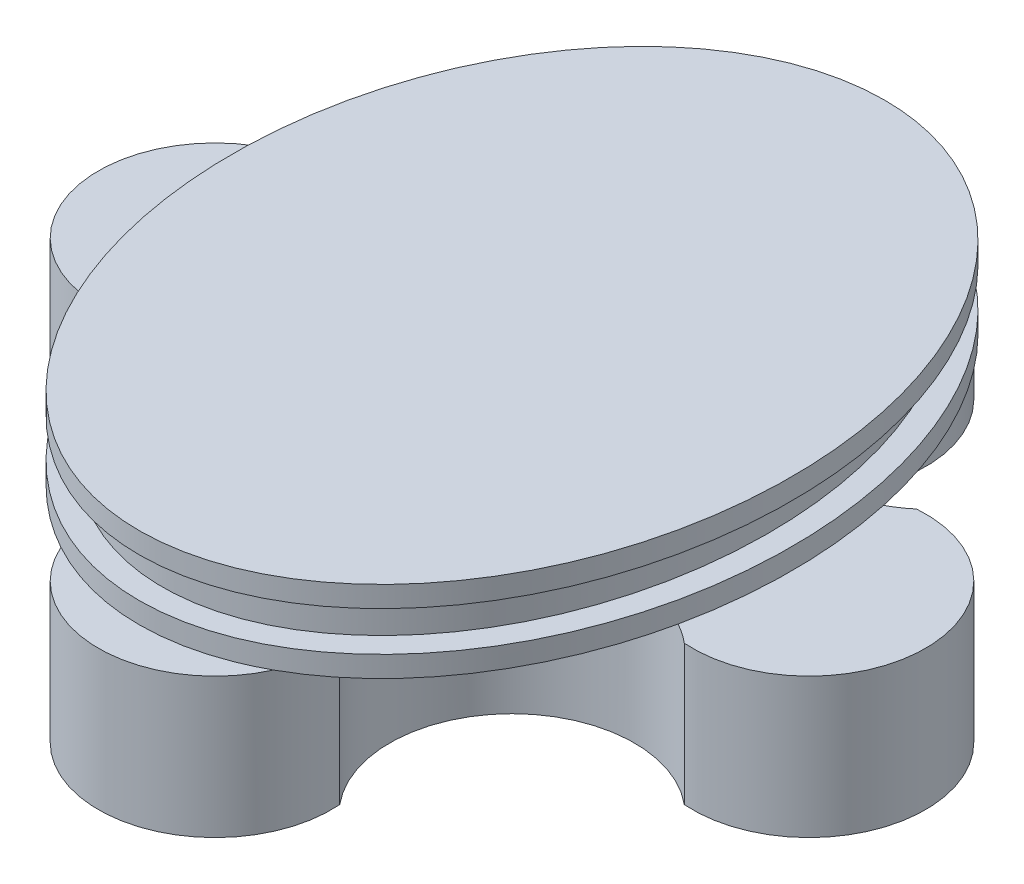
ISO-10303-21;
HEADER;
FILE_DESCRIPTION(('STEP AP214'),'2;1');
FILE_NAME('part.step','',(''),(''),'','','');
FILE_SCHEMA(('AUTOMOTIVE_DESIGN { 1 0 10303 214 1 1 1 1 }'));
ENDSEC;
DATA;
#1=APPLICATION_CONTEXT('core data for automotive mechanical design processes');
#2=APPLICATION_PROTOCOL_DEFINITION('international standard','automotive_design',2000,#1);
#3=PRODUCT_CONTEXT('',#1,'mechanical');
#4=PRODUCT('Part','Part','',(#3));
#5=PRODUCT_RELATED_PRODUCT_CATEGORY('part','',(#4));
#6=PRODUCT_DEFINITION_FORMATION('','',#4);
#7=PRODUCT_DEFINITION_CONTEXT('part definition',#1,'design');
#8=PRODUCT_DEFINITION('design','',#6,#7);
#9=PRODUCT_DEFINITION_SHAPE('','',#8);
#10=(LENGTH_UNIT() NAMED_UNIT(*) SI_UNIT(.MILLI.,.METRE.));
#11=(NAMED_UNIT(*) PLANE_ANGLE_UNIT() SI_UNIT($,.RADIAN.));
#12=(NAMED_UNIT(*) SI_UNIT($,.STERADIAN.) SOLID_ANGLE_UNIT());
#13=UNCERTAINTY_MEASURE_WITH_UNIT(LENGTH_MEASURE(1.E-05),#10,'distance_accuracy_value','');
#14=(GEOMETRIC_REPRESENTATION_CONTEXT(3) GLOBAL_UNCERTAINTY_ASSIGNED_CONTEXT((#13)) GLOBAL_UNIT_ASSIGNED_CONTEXT((#10,
#11,#12)) REPRESENTATION_CONTEXT('',''));
#15=CARTESIAN_POINT('',(0.,0.,0.));
#16=DIRECTION('',(0.,0.,1.));
#17=DIRECTION('',(1.,0.,0.));
#18=AXIS2_PLACEMENT_3D('',#15,#16,#17);
#19=CARTESIAN_POINT('',(0.,0.,0.));
#20=DIRECTION('',(0.,1.,0.));
#21=DIRECTION('',(0.,0.,1.));
#22=AXIS2_PLACEMENT_3D('',#19,#20,#21);
#23=PLANE('',#22);
#24=CARTESIAN_POINT('',(0.,0.,0.));
#25=DIRECTION('',(0.,1.,0.));
#26=DIRECTION('',(0.,0.,-1.));
#27=AXIS2_PLACEMENT_3D('',#24,#25,#26);
#28=ELLIPSE('',#27,16.,12.);
#29=CARTESIAN_POINT('',(-11.5350552187258,0.,4.41059353041869));
#30=VERTEX_POINT('',#29);
#31=CARTESIAN_POINT('',(-4.56069619587107,0.,14.799402402888));
#32=VERTEX_POINT('',#31);
#33=EDGE_CURVE('E224',#30,#32,#28,.T.);
#34=ORIENTED_EDGE('',*,*,#33,.F.);
#35=CARTESIAN_POINT('',(-9.01499999999982,0.,9.01622287878911));
#36=DIRECTION('',(0.,-1.,0.));
#37=DIRECTION('',(0.,0.,-1.));
#38=AXIS2_PLACEMENT_3D('',#35,#36,#37);
#39=CIRCLE('',#38,5.2499999999999);
#40=CARTESIAN_POINT('',(-4.9864961665555,0.,12.3827725760197));
#41=VERTEX_POINT('',#40);
#42=EDGE_CURVE('E55',#30,#41,#39,.T.);
#43=ORIENTED_EDGE('',*,*,#42,.T.);
#44=CARTESIAN_POINT('',(2.5381832073261E-13,0.,12.75));
#45=DIRECTION('',(0.,-1.,0.));
#46=DIRECTION('',(0.,0.,-1.));
#47=AXIS2_PLACEMENT_3D('',#44,#45,#46);
#48=CIRCLE('',#47,4.99999999999984);
#49=EDGE_CURVE('E191',#32,#41,#48,.T.);
#50=ORIENTED_EDGE('',*,*,#49,.F.);
#51=EDGE_LOOP('',(#34,#43,#50));
#52=FACE_BOUND('',#51,.T.);
#53=ADVANCED_FACE('F45',(#52),#23,.F.);
#54=CARTESIAN_POINT('',(0.,0.,-12.75));
#55=DIRECTION('',(0.,-1.,0.));
#56=DIRECTION('',(0.,0.,-1.));
#57=AXIS2_PLACEMENT_3D('',#54,#55,#56);
#58=CIRCLE('',#57,5.);
#59=CARTESIAN_POINT('',(-4.98627820309729,0.,-12.3798247964586));
#60=VERTEX_POINT('',#59);
#61=CARTESIAN_POINT('',(-4.56069619587164,0.,-14.7994024028877));
#62=VERTEX_POINT('',#61);
#63=EDGE_CURVE('E174',#60,#62,#58,.T.);
#64=ORIENTED_EDGE('',*,*,#63,.F.);
#65=CARTESIAN_POINT('',(-9.01622287878913,0.,-9.01499999999997));
#66=DIRECTION('',(0.,-1.,0.));
#67=DIRECTION('',(0.,0.,-1.));
#68=AXIS2_PLACEMENT_3D('',#65,#66,#67);
#69=CIRCLE('',#68,5.25);
#70=CARTESIAN_POINT('',(-11.5354192149795,0.,-4.40890080222699));
#71=VERTEX_POINT('',#70);
#72=EDGE_CURVE('E145',#60,#71,#69,.T.);
#73=ORIENTED_EDGE('',*,*,#72,.T.);
#74=EDGE_CURVE('E217',#62,#71,#28,.T.);
#75=ORIENTED_EDGE('',*,*,#74,.F.);
#76=EDGE_LOOP('',(#64,#73,#75));
#77=FACE_BOUND('',#76,.T.);
#78=ADVANCED_FACE('F262',(#77),#23,.F.);
#79=CARTESIAN_POINT('',(4.98627820309738,0.,12.3798247964586));
#80=VERTEX_POINT('',#79);
#81=CARTESIAN_POINT('',(4.56069619587174,0.,14.7994024028877));
#82=VERTEX_POINT('',#81);
#83=EDGE_CURVE('E187',#80,#82,#48,.T.);
#84=ORIENTED_EDGE('',*,*,#83,.F.);
#85=CARTESIAN_POINT('',(9.01622287878919,0.,9.01499999999991));
#86=DIRECTION('',(0.,-1.,0.));
#87=DIRECTION('',(0.,0.,-1.));
#88=AXIS2_PLACEMENT_3D('',#85,#86,#87);
#89=CIRCLE('',#88,5.25);
#90=CARTESIAN_POINT('',(11.5354192149795,0.,4.4089008022269));
#91=VERTEX_POINT('',#90);
#92=EDGE_CURVE('E183',#80,#91,#89,.T.);
#93=ORIENTED_EDGE('',*,*,#92,.T.);
#94=EDGE_CURVE('E230',#82,#91,#28,.T.);
#95=ORIENTED_EDGE('',*,*,#94,.F.);
#96=EDGE_LOOP('',(#84,#93,#95));
#97=FACE_BOUND('',#96,.T.);
#98=ADVANCED_FACE('F266',(#97),#23,.F.);
#99=CARTESIAN_POINT('',(0.,0.9,0.));
#100=DIRECTION('',(0.,1.,0.));
#101=DIRECTION('',(0.,0.,-1.));
#102=AXIS2_PLACEMENT_3D('',#99,#100,#101);
#103=ELLIPSE('',#102,16.,12.);
#104=DIRECTION('',(0.,-1.,0.));
#105=VECTOR('',#104,1.);
#106=SURFACE_OF_LINEAR_EXTRUSION('',#103,#105);
#107=CARTESIAN_POINT('',(0.,0.9,-16.));
#108=VERTEX_POINT('',#107);
#109=EDGE_CURVE('E214',#108,#108,#103,.T.);
#110=ORIENTED_EDGE('',*,*,#109,.F.);
#111=EDGE_LOOP('',(#110));
#112=FACE_BOUND('',#111,.T.);
#113=ORIENTED_EDGE('',*,*,#74,.T.);
#114=EDGE_CURVE('E219',#71,#30,#28,.T.);
#115=ORIENTED_EDGE('',*,*,#114,.T.);
#116=ORIENTED_EDGE('',*,*,#33,.T.);
#117=EDGE_CURVE('E232',#32,#82,#28,.T.);
#118=ORIENTED_EDGE('',*,*,#117,.T.);
#119=ORIENTED_EDGE('',*,*,#94,.T.);
#120=CARTESIAN_POINT('',(11.5350552187259,0.,-4.41059353041851));
#121=VERTEX_POINT('',#120);
#122=EDGE_CURVE('E227',#91,#121,#28,.T.);
#123=ORIENTED_EDGE('',*,*,#122,.T.);
#124=CARTESIAN_POINT('',(4.56069619587164,0.,-14.7994024028877));
#125=VERTEX_POINT('',#124);
#126=EDGE_CURVE('E225',#121,#125,#28,.T.);
#127=ORIENTED_EDGE('',*,*,#126,.T.);
#128=EDGE_CURVE('E152',#125,#62,#28,.T.);
#129=ORIENTED_EDGE('',*,*,#128,.T.);
#130=EDGE_LOOP('',(#113,#115,#116,#118,#119,#123,#127,#129));
#131=FACE_BOUND('',#130,.T.);
#132=ADVANCED_FACE('F47',(#112,#131),#106,.F.);
#133=CARTESIAN_POINT('',(0.,0.9,0.));
#134=DIRECTION('',(0.,1.,0.));
#135=DIRECTION('',(0.,0.,1.));
#136=AXIS2_PLACEMENT_3D('',#133,#134,#135);
#137=PLANE('',#136);
#138=CARTESIAN_POINT('',(0.,0.9,0.));
#139=DIRECTION('',(0.,1.,0.));
#140=DIRECTION('',(0.,0.,-1.));
#141=AXIS2_PLACEMENT_3D('',#138,#139,#140);
#142=ELLIPSE('',#141,15.,11.);
#143=CARTESIAN_POINT('',(0.,0.9,-15.));
#144=VERTEX_POINT('',#143);
#145=EDGE_CURVE('E11',#144,#144,#142,.T.);
#146=ORIENTED_EDGE('',*,*,#145,.F.);
#147=EDGE_LOOP('',(#146));
#148=FACE_BOUND('',#147,.T.);
#149=ORIENTED_EDGE('',*,*,#109,.T.);
#150=EDGE_LOOP('',(#149));
#151=FACE_BOUND('',#150,.T.);
#152=ADVANCED_FACE('F270',(#148,#151),#137,.T.);
#153=CARTESIAN_POINT('',(4.98649616655595,0.,-12.3827725760202));
#154=VERTEX_POINT('',#153);
#155=EDGE_CURVE('E151',#125,#154,#58,.T.);
#156=ORIENTED_EDGE('',*,*,#155,.F.);
#157=ORIENTED_EDGE('',*,*,#126,.F.);
#158=CARTESIAN_POINT('',(9.015,0.,-9.0162228787891));
#159=DIRECTION('',(0.,-1.,0.));
#160=DIRECTION('',(0.,0.,-1.));
#161=AXIS2_PLACEMENT_3D('',#158,#159,#160);
#162=CIRCLE('',#161,5.25);
#163=EDGE_CURVE('E68',#121,#154,#162,.T.);
#164=ORIENTED_EDGE('',*,*,#163,.T.);
#165=EDGE_LOOP('',(#156,#157,#164));
#166=FACE_BOUND('',#165,.T.);
#167=ADVANCED_FACE('F257',(#166),#23,.F.);
#168=CARTESIAN_POINT('',(0.,0.,0.));
#169=DIRECTION('',(0.,-1.,0.));
#170=DIRECTION('',(0.,0.,-1.));
#171=AXIS2_PLACEMENT_3D('',#168,#169,#170);
#172=PLANE('',#171);
#173=ORIENTED_EDGE('',*,*,#114,.F.);
#174=CARTESIAN_POINT('',(-12.3827725760202,0.,-4.9864961665559));
#175=VERTEX_POINT('',#174);
#176=EDGE_CURVE('E197',#71,#175,#69,.T.);
#177=ORIENTED_EDGE('',*,*,#176,.T.);
#178=CARTESIAN_POINT('',(-12.75,0.,0.));
#179=DIRECTION('',(0.,-1.,0.));
#180=DIRECTION('',(0.,0.,-1.));
#181=AXIS2_PLACEMENT_3D('',#178,#179,#180);
#182=CIRCLE('',#181,5.);
#183=CARTESIAN_POINT('',(-12.3798247964584,0.,4.98627820309731));
#184=VERTEX_POINT('',#183);
#185=EDGE_CURVE('E194',#184,#175,#182,.T.);
#186=ORIENTED_EDGE('',*,*,#185,.F.);
#187=EDGE_CURVE('E190',#184,#30,#39,.T.);
#188=ORIENTED_EDGE('',*,*,#187,.T.);
#189=EDGE_LOOP('',(#173,#177,#186,#188));
#190=FACE_BOUND('',#189,.T.);
#191=ADVANCED_FACE('F249',(#190),#172,.F.);
#192=ORIENTED_EDGE('',*,*,#117,.F.);
#193=EDGE_CURVE('E186',#82,#32,#48,.T.);
#194=ORIENTED_EDGE('',*,*,#193,.F.);
#195=EDGE_LOOP('',(#192,#194));
#196=FACE_BOUND('',#195,.T.);
#197=ADVANCED_FACE('F246',(#196),#172,.F.);
#198=ORIENTED_EDGE('',*,*,#122,.F.);
#199=CARTESIAN_POINT('',(12.3827725760202,0.,4.98649616655582));
#200=VERTEX_POINT('',#199);
#201=EDGE_CURVE('E182',#91,#200,#89,.T.);
#202=ORIENTED_EDGE('',*,*,#201,.T.);
#203=CARTESIAN_POINT('',(12.75,0.,-1.3354916121075E-13));
#204=DIRECTION('',(0.,-1.,0.));
#205=DIRECTION('',(0.,0.,-1.));
#206=AXIS2_PLACEMENT_3D('',#203,#204,#205);
#207=CIRCLE('',#206,5.);
#208=CARTESIAN_POINT('',(12.3798247964589,0.,-4.98627820309744));
#209=VERTEX_POINT('',#208);
#210=EDGE_CURVE('E179',#209,#200,#207,.T.);
#211=ORIENTED_EDGE('',*,*,#210,.F.);
#212=EDGE_CURVE('E176',#209,#121,#162,.T.);
#213=ORIENTED_EDGE('',*,*,#212,.T.);
#214=EDGE_LOOP('',(#198,#202,#211,#213));
#215=FACE_BOUND('',#214,.T.);
#216=ADVANCED_FACE('F248',(#215),#172,.F.);
#217=CARTESIAN_POINT('',(0.,-6.,-12.75));
#218=DIRECTION('',(0.,1.,0.));
#219=DIRECTION('',(0.,0.,1.));
#220=AXIS2_PLACEMENT_3D('',#217,#218,#219);
#221=CYLINDRICAL_SURFACE('',#220,5.);
#222=ORIENTED_EDGE('',*,*,#63,.T.);
#223=EDGE_CURVE('E177',#62,#125,#58,.T.);
#224=ORIENTED_EDGE('',*,*,#223,.T.);
#225=ORIENTED_EDGE('',*,*,#155,.T.);
#226=DIRECTION('',(0.,1.,0.));
#227=VECTOR('',#226,1.);
#228=CARTESIAN_POINT('',(4.98649616655595,-6.,-12.3827725760202));
#229=LINE('',#228,#227);
#230=CARTESIAN_POINT('',(4.98649616655595,-6.,-12.3827725760202));
#231=VERTEX_POINT('',#230);
#232=EDGE_CURVE('E63',#231,#154,#229,.T.);
#233=ORIENTED_EDGE('',*,*,#232,.F.);
#234=CARTESIAN_POINT('',(0.,-6.,-12.75));
#235=DIRECTION('',(0.,-1.,0.));
#236=DIRECTION('',(0.,0.,-1.));
#237=AXIS2_PLACEMENT_3D('',#234,#235,#236);
#238=CIRCLE('',#237,5.);
#239=CARTESIAN_POINT('',(-4.98627820309729,-6.,-12.3798247964586));
#240=VERTEX_POINT('',#239);
#241=EDGE_CURVE('E139',#240,#231,#238,.T.);
#242=ORIENTED_EDGE('',*,*,#241,.F.);
#243=DIRECTION('',(0.,1.,0.));
#244=VECTOR('',#243,1.);
#245=CARTESIAN_POINT('',(-4.98627820309729,-6.,-12.3798247964586));
#246=LINE('',#245,#244);
#247=EDGE_CURVE('E173',#240,#60,#246,.T.);
#248=ORIENTED_EDGE('',*,*,#247,.T.);
#249=EDGE_LOOP('',(#222,#224,#225,#233,#242,#248));
#250=FACE_BOUND('',#249,.T.);
#251=ADVANCED_FACE('F148',(#250),#221,.T.);
#252=CARTESIAN_POINT('',(9.015,-6.,-9.0162228787891));
#253=DIRECTION('',(0.,1.,0.));
#254=DIRECTION('',(0.,0.,1.));
#255=AXIS2_PLACEMENT_3D('',#252,#253,#254);
#256=CYLINDRICAL_SURFACE('',#255,5.25);
#257=ORIENTED_EDGE('',*,*,#212,.F.);
#258=DIRECTION('',(0.,1.,0.));
#259=VECTOR('',#258,1.);
#260=CARTESIAN_POINT('',(12.3798247964589,-6.,-4.98627820309744));
#261=LINE('',#260,#259);
#262=CARTESIAN_POINT('',(12.3798247964589,-6.,-4.98627820309744));
#263=VERTEX_POINT('',#262);
#264=EDGE_CURVE('E153',#263,#209,#261,.T.);
#265=ORIENTED_EDGE('',*,*,#264,.F.);
#266=CARTESIAN_POINT('',(9.015,-6.,-9.0162228787891));
#267=DIRECTION('',(0.,-1.,0.));
#268=DIRECTION('',(0.,0.,-1.));
#269=AXIS2_PLACEMENT_3D('',#266,#267,#268);
#270=CIRCLE('',#269,5.25);
#271=EDGE_CURVE('E141',#263,#231,#270,.T.);
#272=ORIENTED_EDGE('',*,*,#271,.T.);
#273=ORIENTED_EDGE('',*,*,#232,.T.);
#274=ORIENTED_EDGE('',*,*,#163,.F.);
#275=EDGE_LOOP('',(#257,#265,#272,#273,#274));
#276=FACE_BOUND('',#275,.T.);
#277=ADVANCED_FACE('F155',(#276),#256,.F.);
#278=CARTESIAN_POINT('',(12.75,-6.,-1.3354916121075E-13));
#279=DIRECTION('',(0.,1.,0.));
#280=DIRECTION('',(0.,0.,1.));
#281=AXIS2_PLACEMENT_3D('',#278,#279,#280);
#282=CYLINDRICAL_SURFACE('',#281,5.);
#283=ORIENTED_EDGE('',*,*,#210,.T.);
#284=DIRECTION('',(0.,1.,0.));
#285=VECTOR('',#284,1.);
#286=CARTESIAN_POINT('',(12.3827725760202,-6.,4.98649616655582));
#287=LINE('',#286,#285);
#288=CARTESIAN_POINT('',(12.3827725760202,-6.,4.98649616655582));
#289=VERTEX_POINT('',#288);
#290=EDGE_CURVE('E211',#289,#200,#287,.T.);
#291=ORIENTED_EDGE('',*,*,#290,.F.);
#292=CARTESIAN_POINT('',(12.75,-6.,-1.3354916121075E-13));
#293=DIRECTION('',(0.,-1.,0.));
#294=DIRECTION('',(0.,0.,-1.));
#295=AXIS2_PLACEMENT_3D('',#292,#293,#294);
#296=CIRCLE('',#295,5.);
#297=EDGE_CURVE('E157',#263,#289,#296,.T.);
#298=ORIENTED_EDGE('',*,*,#297,.F.);
#299=ORIENTED_EDGE('',*,*,#264,.T.);
#300=EDGE_LOOP('',(#283,#291,#298,#299));
#301=FACE_BOUND('',#300,.T.);
#302=ADVANCED_FACE('F290',(#301),#282,.T.);
#303=CARTESIAN_POINT('',(9.01622287878919,-6.,9.01499999999991));
#304=DIRECTION('',(0.,1.,0.));
#305=DIRECTION('',(0.,0.,1.));
#306=AXIS2_PLACEMENT_3D('',#303,#304,#305);
#307=CYLINDRICAL_SURFACE('',#306,5.25);
#308=ORIENTED_EDGE('',*,*,#92,.F.);
#309=DIRECTION('',(0.,1.,0.));
#310=VECTOR('',#309,1.);
#311=CARTESIAN_POINT('',(4.98627820309738,-6.,12.3798247964586));
#312=LINE('',#311,#310);
#313=CARTESIAN_POINT('',(4.98627820309738,-6.,12.3798247964586));
#314=VERTEX_POINT('',#313);
#315=EDGE_CURVE('E209',#314,#80,#312,.T.);
#316=ORIENTED_EDGE('',*,*,#315,.F.);
#317=CARTESIAN_POINT('',(9.01622287878919,-6.,9.01499999999991));
#318=DIRECTION('',(0.,-1.,0.));
#319=DIRECTION('',(0.,0.,-1.));
#320=AXIS2_PLACEMENT_3D('',#317,#318,#319);
#321=CIRCLE('',#320,5.25);
#322=EDGE_CURVE('E159',#314,#289,#321,.T.);
#323=ORIENTED_EDGE('',*,*,#322,.T.);
#324=ORIENTED_EDGE('',*,*,#290,.T.);
#325=ORIENTED_EDGE('',*,*,#201,.F.);
#326=EDGE_LOOP('',(#308,#316,#323,#324,#325));
#327=FACE_BOUND('',#326,.T.);
#328=ADVANCED_FACE('F285',(#327),#307,.F.);
#329=CARTESIAN_POINT('',(2.5381832073261E-13,-6.,12.75));
#330=DIRECTION('',(0.,1.,0.));
#331=DIRECTION('',(0.,0.,1.));
#332=AXIS2_PLACEMENT_3D('',#329,#330,#331);
#333=CYLINDRICAL_SURFACE('',#332,4.99999999999984);
#334=ORIENTED_EDGE('',*,*,#83,.T.);
#335=ORIENTED_EDGE('',*,*,#193,.T.);
#336=ORIENTED_EDGE('',*,*,#49,.T.);
#337=DIRECTION('',(0.,1.,0.));
#338=VECTOR('',#337,1.);
#339=CARTESIAN_POINT('',(-4.9864961665555,-6.,12.3827725760197));
#340=LINE('',#339,#338);
#341=CARTESIAN_POINT('',(-4.9864961665555,-6.,12.3827725760197));
#342=VERTEX_POINT('',#341);
#343=EDGE_CURVE('E206',#342,#41,#340,.T.);
#344=ORIENTED_EDGE('',*,*,#343,.F.);
#345=CARTESIAN_POINT('',(2.5381832073261E-13,-6.,12.75));
#346=DIRECTION('',(0.,-1.,0.));
#347=DIRECTION('',(0.,0.,-1.));
#348=AXIS2_PLACEMENT_3D('',#345,#346,#347);
#349=CIRCLE('',#348,4.99999999999984);
#350=EDGE_CURVE('E165',#314,#342,#349,.T.);
#351=ORIENTED_EDGE('',*,*,#350,.F.);
#352=ORIENTED_EDGE('',*,*,#315,.T.);
#353=EDGE_LOOP('',(#334,#335,#336,#344,#351,#352));
#354=FACE_BOUND('',#353,.T.);
#355=ADVANCED_FACE('F243',(#354),#333,.T.);
#356=CARTESIAN_POINT('',(-9.01499999999982,-6.,9.01622287878911));
#357=DIRECTION('',(0.,1.,0.));
#358=DIRECTION('',(0.,0.,1.));
#359=AXIS2_PLACEMENT_3D('',#356,#357,#358);
#360=CYLINDRICAL_SURFACE('',#359,5.2499999999999);
#361=ORIENTED_EDGE('',*,*,#187,.F.);
#362=DIRECTION('',(0.,1.,0.));
#363=VECTOR('',#362,1.);
#364=CARTESIAN_POINT('',(-12.3798247964584,-6.,4.98627820309731));
#365=LINE('',#364,#363);
#366=CARTESIAN_POINT('',(-12.3798247964584,-6.,4.98627820309731));
#367=VERTEX_POINT('',#366);
#368=EDGE_CURVE('E204',#367,#184,#365,.T.);
#369=ORIENTED_EDGE('',*,*,#368,.F.);
#370=CARTESIAN_POINT('',(-9.01499999999982,-6.,9.01622287878911));
#371=DIRECTION('',(0.,-1.,0.));
#372=DIRECTION('',(0.,0.,-1.));
#373=AXIS2_PLACEMENT_3D('',#370,#371,#372);
#374=CIRCLE('',#373,5.2499999999999);
#375=EDGE_CURVE('E167',#367,#342,#374,.T.);
#376=ORIENTED_EDGE('',*,*,#375,.T.);
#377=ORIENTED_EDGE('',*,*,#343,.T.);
○ ○ ○
◆ **EXERCISE GOAL**:
Could you restate, word for word, the lines above from the one with "#159=DIRECTION('',(0.,-1.,0.));" to the one with "#195=EDGE_LOOP('',(#192,#194));", both included?

◆ **RESULT OF THIS EXERCISE**:
#159=DIRECTION('',(0.,-1.,0.));
#160=DIRECTION('',(0.,0.,-1.));
#161=AXIS2_PLACEMENT_3D('',#158,#159,#160);
#162=CIRCLE('',#161,5.25);
#163=EDGE_CURVE('E68',#121,#154,#162,.T.);
#164=ORIENTED_EDGE('',*,*,#163,.T.);
#165=EDGE_LOOP('',(#156,#157,#164));
#166=FACE_BOUND('',#165,.T.);
#167=ADVANCED_FACE('F257',(#166),#23,.F.);
#168=CARTESIAN_POINT('',(0.,0.,0.));
#169=DIRECTION('',(0.,-1.,0.));
#170=DIRECTION('',(0.,0.,-1.));
#171=AXIS2_PLACEMENT_3D('',#168,#169,#170);
#172=PLANE('',#171);
#173=ORIENTED_EDGE('',*,*,#114,.F.);
#174=CARTESIAN_POINT('',(-12.3827725760202,0.,-4.9864961665559));
#175=VERTEX_POINT('',#174);
#176=EDGE_CURVE('E197',#71,#175,#69,.T.);
#177=ORIENTED_EDGE('',*,*,#176,.T.);
#178=CARTESIAN_POINT('',(-12.75,0.,0.));
#179=DIRECTION('',(0.,-1.,0.));
#180=DIRECTION('',(0.,0.,-1.));
#181=AXIS2_PLACEMENT_3D('',#178,#179,#180);
#182=CIRCLE('',#181,5.);
#183=CARTESIAN_POINT('',(-12.3798247964584,0.,4.98627820309731));
#184=VERTEX_POINT('',#183);
#185=EDGE_CURVE('E194',#184,#175,#182,.T.);
#186=ORIENTED_EDGE('',*,*,#185,.F.);
#187=EDGE_CURVE('E190',#184,#30,#39,.T.);
#188=ORIENTED_EDGE('',*,*,#187,.T.);
#189=EDGE_LOOP('',(#173,#177,#186,#188));
#190=FACE_BOUND('',#189,.T.);
#191=ADVANCED_FACE('F249',(#190),#172,.F.);
#192=ORIENTED_EDGE('',*,*,#117,.F.);
#193=EDGE_CURVE('E186',#82,#32,#48,.T.);
#194=ORIENTED_EDGE('',*,*,#193,.F.);
#195=EDGE_LOOP('',(#192,#194));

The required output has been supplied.